**About this exercise:**
A precise copy of the data is required, with every picture left out.

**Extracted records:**
::::

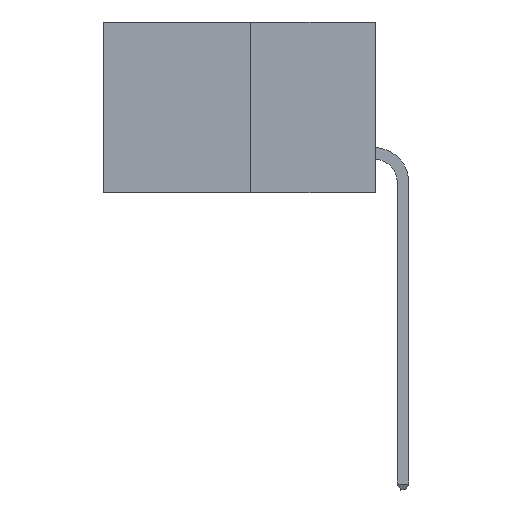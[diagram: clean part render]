
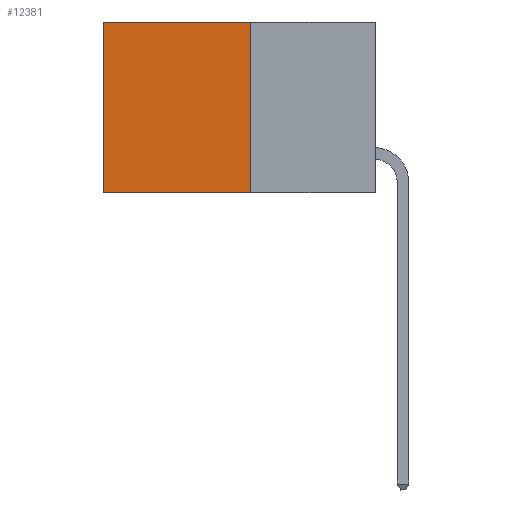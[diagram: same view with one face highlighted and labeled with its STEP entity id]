
A CAD part, left-side view. The second image highlights one B-rep face of the part: STEP entity #12381.
In plain terms, the highlighted planar face has unit normal (-1, 0, 0).
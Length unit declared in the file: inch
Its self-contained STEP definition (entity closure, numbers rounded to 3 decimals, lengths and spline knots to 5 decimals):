
#103 = DIRECTION ( 'NONE',  ( 1., 0., 0. ) ) ;
#2675 = DIRECTION ( 'NONE',  ( 0., 1., 0. ) ) ;
#3196 = LINE ( 'NONE', #17621, #16472 ) ;
#3395 = LINE ( 'NONE', #17424, #5150 ) ;
#3585 = CARTESIAN_POINT ( 'NONE',  ( 0.277, 0.27, -0.37 ) ) ;
#4163 = CARTESIAN_POINT ( 'NONE',  ( 0.277, 0.27, 0. ) ) ;
#4257 = ORIENTED_EDGE ( 'NONE', *, *, #20873, .F. ) ;
#5150 = VECTOR ( 'NONE', #19945, 39.37008 ) ;
#5305 = LINE ( 'NONE', #17402, #10381 ) ;
#5851 = FACE_OUTER_BOUND ( 'NONE', #24863, .T. ) ;
#8736 = EDGE_CURVE ( 'NONE', #26638, #21462, #26371, .T. ) ;
#9581 = EDGE_CURVE ( 'NONE', #21462, #16672, #5305, .T. ) ;
#10381 = VECTOR ( 'NONE', #19932, 39.37008 ) ;
#10744 = AXIS2_PLACEMENT_3D ( 'NONE', #29881, #103, #17593 ) ;
#10807 = ORIENTED_EDGE ( 'NONE', *, *, #11641, .F. ) ;
#11641 = EDGE_CURVE ( 'NONE', #26638, #25178, #3395, .T. ) ;
#11929 = DIRECTION ( 'NONE',  ( 0., 1., 0. ) ) ;
#12381 = ADVANCED_FACE ( 'NONE', ( #5851 ), #22515, .F. ) ;
#13958 = VECTOR ( 'NONE', #11929, 39.37008 ) ;
#16472 = VECTOR ( 'NONE', #2675, 39.37008 ) ;
#16672 = VERTEX_POINT ( 'NONE', #27635 ) ;
#17402 = CARTESIAN_POINT ( 'NONE',  ( 0.277, 0.59, -0.37 ) ) ;
#17424 = CARTESIAN_POINT ( 'NONE',  ( 0.277, 0.27, -0.37 ) ) ;
#17593 = DIRECTION ( 'NONE',  ( 0., 0., -1. ) ) ;
#17621 = CARTESIAN_POINT ( 'NONE',  ( 0.277, 0.27, -0.37 ) ) ;
#19932 = DIRECTION ( 'NONE',  ( 0., 0., -1. ) ) ;
#19945 = DIRECTION ( 'NONE',  ( 0., 0., -1. ) ) ;
#20873 = EDGE_CURVE ( 'NONE', #25178, #16672, #3196, .T. ) ;
#21462 = VERTEX_POINT ( 'NONE', #22173 ) ;
#22173 = CARTESIAN_POINT ( 'NONE',  ( 0.277, 0.59, 0. ) ) ;
#22515 = PLANE ( 'NONE',  #10744 ) ;
#24863 = EDGE_LOOP ( 'NONE', ( #30984, #4257, #10807, #29159 ) ) ;
#25178 = VERTEX_POINT ( 'NONE', #3585 ) ;
#26371 = LINE ( 'NONE', #29213, #13958 ) ;
#26638 = VERTEX_POINT ( 'NONE', #4163 ) ;
#27635 = CARTESIAN_POINT ( 'NONE',  ( 0.277, 0.59, -0.37 ) ) ;
#29159 = ORIENTED_EDGE ( 'NONE', *, *, #8736, .T. ) ;
#29213 = CARTESIAN_POINT ( 'NONE',  ( 0.277, 0.27, 0. ) ) ;
#29881 = CARTESIAN_POINT ( 'NONE',  ( 0.277, 0.27, -0.37 ) ) ;
#30984 = ORIENTED_EDGE ( 'NONE', *, *, #9581, .T. ) ;

::::

**Your response:**
[diagram: clean part render]
[diagram: same view with one face highlighted and labeled with its STEP entity id]
A CAD part, left-side view. The second image highlights one B-rep face of the part: STEP entity #12381.
In plain terms, the highlighted planar face has unit normal (-1, 0, 0).
Length unit declared in the file: inch
Its self-contained STEP definition (entity closure, numbers rounded to 3 decimals, lengths and spline knots to 5 decimals):
#103 = DIRECTION ( 'NONE',  ( 1., 0., 0. ) ) ;
#2675 = DIRECTION ( 'NONE',  ( 0., 1., 0. ) ) ;
#3196 = LINE ( 'NONE', #17621, #16472 ) ;
#3395 = LINE ( 'NONE', #17424, #5150 ) ;
#3585 = CARTESIAN_POINT ( 'NONE',  ( 0.277, 0.27, -0.37 ) ) ;
#4163 = CARTESIAN_POINT ( 'NONE',  ( 0.277, 0.27, 0. ) ) ;
#4257 = ORIENTED_EDGE ( 'NONE', *, *, #20873, .F. ) ;
#5150 = VECTOR ( 'NONE', #19945, 39.37008 ) ;
#5305 = LINE ( 'NONE', #17402, #10381 ) ;
#5851 = FACE_OUTER_BOUND ( 'NONE', #24863, .T. ) ;
#8736 = EDGE_CURVE ( 'NONE', #26638, #21462, #26371, .T. ) ;
#9581 = EDGE_CURVE ( 'NONE', #21462, #16672, #5305, .T. ) ;
#10381 = VECTOR ( 'NONE', #19932, 39.37008 ) ;
#10744 = AXIS2_PLACEMENT_3D ( 'NONE', #29881, #103, #17593 ) ;
#10807 = ORIENTED_EDGE ( 'NONE', *, *, #11641, .F. ) ;
#11641 = EDGE_CURVE ( 'NONE', #26638, #25178, #3395, .T. ) ;
#11929 = DIRECTION ( 'NONE',  ( 0., 1., 0. ) ) ;
#12381 = ADVANCED_FACE ( 'NONE', ( #5851 ), #22515, .F. ) ;
#13958 = VECTOR ( 'NONE', #11929, 39.37008 ) ;
#16472 = VECTOR ( 'NONE', #2675, 39.37008 ) ;
#16672 = VERTEX_POINT ( 'NONE', #27635 ) ;
#17402 = CARTESIAN_POINT ( 'NONE',  ( 0.277, 0.59, -0.37 ) ) ;
#17424 = CARTESIAN_POINT ( 'NONE',  ( 0.277, 0.27, -0.37 ) ) ;
#17593 = DIRECTION ( 'NONE',  ( 0., 0., -1. ) ) ;
#17621 = CARTESIAN_POINT ( 'NONE',  ( 0.277, 0.27, -0.37 ) ) ;
#19932 = DIRECTION ( 'NONE',  ( 0., 0., -1. ) ) ;
#19945 = DIRECTION ( 'NONE',  ( 0., 0., -1. ) ) ;
#20873 = EDGE_CURVE ( 'NONE', #25178, #16672, #3196, .T. ) ;
#21462 = VERTEX_POINT ( 'NONE', #22173 ) ;
#22173 = CARTESIAN_POINT ( 'NONE',  ( 0.277, 0.59, 0. ) ) ;
#22515 = PLANE ( 'NONE',  #10744 ) ;
#24863 = EDGE_LOOP ( 'NONE', ( #30984, #4257, #10807, #29159 ) ) ;
#25178 = VERTEX_POINT ( 'NONE', #3585 ) ;
#26371 = LINE ( 'NONE', #29213, #13958 ) ;
#26638 = VERTEX_POINT ( 'NONE', #4163 ) ;
#27635 = CARTESIAN_POINT ( 'NONE',  ( 0.277, 0.59, -0.37 ) ) ;
#29159 = ORIENTED_EDGE ( 'NONE', *, *, #8736, .T. ) ;
#29213 = CARTESIAN_POINT ( 'NONE',  ( 0.277, 0.27, 0. ) ) ;
#29881 = CARTESIAN_POINT ( 'NONE',  ( 0.277, 0.27, -0.37 ) ) ;
#30984 = ORIENTED_EDGE ( 'NONE', *, *, #9581, .T. ) ;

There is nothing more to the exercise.